The stench of home losses to Marshall and Stanford won’t go away any time soon, and when Notre Dame plays as well as it did Saturday night, it is difficult to understand how this team isn’t 8-1 and competing for a College Football Playoff spot. But at 6-3, the Fighting Irish are still in the New Year’s Six mix, with a win at Southern Cal this month all but certain to be a New Year’s Six play-in game, barring a disaster for the Fighting Irish against Navy or Boston College during the coming weeks.

And while just qualifying for the New Year’s Six isn’t where Notre Dame hopes to be under Freeman long-term, it is a start, and it is now one colored by Saturday night’s rout of Clemson, a game that showed the country that on its best day, Notre Dame belongs among the national elite.

Clemson coach Dabo Swinney certainly was convinced Notre Dame belongs.

“This was an ass-kicking, period. That’s what it is,” Swinney said after the loss. “Just flat-out got our tails handed to us.”

Clemson doesn’t lose games that thoroughly very often. In fact, Clemson’s 21-point defeat Saturday was just its 2nd defeat by 3 touchdowns or more since 2015, with the other being a 2020 CFP semifinal loss to Ohio State. The game marked Clemson’s worst regular-season loss since a 28-6 defeat at Orange Bowl-bound Georgia Tech during 2014.

Does any of that mean Notre Dame arrived? No. But when you can crush a program that rarely loses lopsided games, it is safe to say it’s a statement of intent, or perhaps, in the language of a Catholic school, a statement of intention.

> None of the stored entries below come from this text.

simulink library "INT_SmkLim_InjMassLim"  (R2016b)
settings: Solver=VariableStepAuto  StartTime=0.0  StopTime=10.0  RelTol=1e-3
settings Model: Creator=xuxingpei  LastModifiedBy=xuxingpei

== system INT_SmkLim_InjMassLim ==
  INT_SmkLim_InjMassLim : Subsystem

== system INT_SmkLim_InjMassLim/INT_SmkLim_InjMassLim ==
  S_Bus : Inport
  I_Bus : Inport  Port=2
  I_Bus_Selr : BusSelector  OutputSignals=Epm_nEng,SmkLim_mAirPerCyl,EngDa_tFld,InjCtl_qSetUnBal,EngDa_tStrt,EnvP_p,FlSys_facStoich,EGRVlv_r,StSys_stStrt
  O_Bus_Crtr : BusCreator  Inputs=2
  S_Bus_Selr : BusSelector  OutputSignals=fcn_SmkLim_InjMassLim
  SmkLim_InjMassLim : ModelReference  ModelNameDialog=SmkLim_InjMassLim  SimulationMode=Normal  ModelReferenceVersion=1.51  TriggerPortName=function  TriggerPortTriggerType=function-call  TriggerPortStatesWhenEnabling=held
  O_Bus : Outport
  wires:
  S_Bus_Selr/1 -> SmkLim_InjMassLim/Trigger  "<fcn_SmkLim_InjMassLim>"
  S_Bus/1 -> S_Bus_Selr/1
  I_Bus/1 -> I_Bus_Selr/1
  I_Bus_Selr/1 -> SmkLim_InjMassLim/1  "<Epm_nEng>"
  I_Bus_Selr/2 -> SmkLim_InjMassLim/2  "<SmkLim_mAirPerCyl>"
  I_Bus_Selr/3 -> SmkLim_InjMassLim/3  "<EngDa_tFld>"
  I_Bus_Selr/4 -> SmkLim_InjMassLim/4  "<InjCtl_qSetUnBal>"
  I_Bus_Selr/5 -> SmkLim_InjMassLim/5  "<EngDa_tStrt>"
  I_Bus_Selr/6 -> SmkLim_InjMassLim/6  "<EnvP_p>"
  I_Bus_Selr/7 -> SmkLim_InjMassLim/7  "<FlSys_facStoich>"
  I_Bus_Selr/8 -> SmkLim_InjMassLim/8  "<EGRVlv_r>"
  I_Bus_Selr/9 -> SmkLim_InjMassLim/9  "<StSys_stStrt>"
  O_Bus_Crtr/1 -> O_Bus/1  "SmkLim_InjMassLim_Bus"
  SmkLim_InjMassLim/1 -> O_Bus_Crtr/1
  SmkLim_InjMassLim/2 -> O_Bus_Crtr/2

Marcus Freeman, who is awaiting a top-5 recruiting class and who, after 9 games, is coaching a team capable of dominating both lines of scrimmage against perennial playoff program Clemson, is just getting started.

Saturday night, Notre Dame got a glorious preview of what the final product might look like.

None of it was lucky. All of it was a reason for Freeman to stand tall, as if to stare his doubters right in the eye and say, there are many more of these nights to come.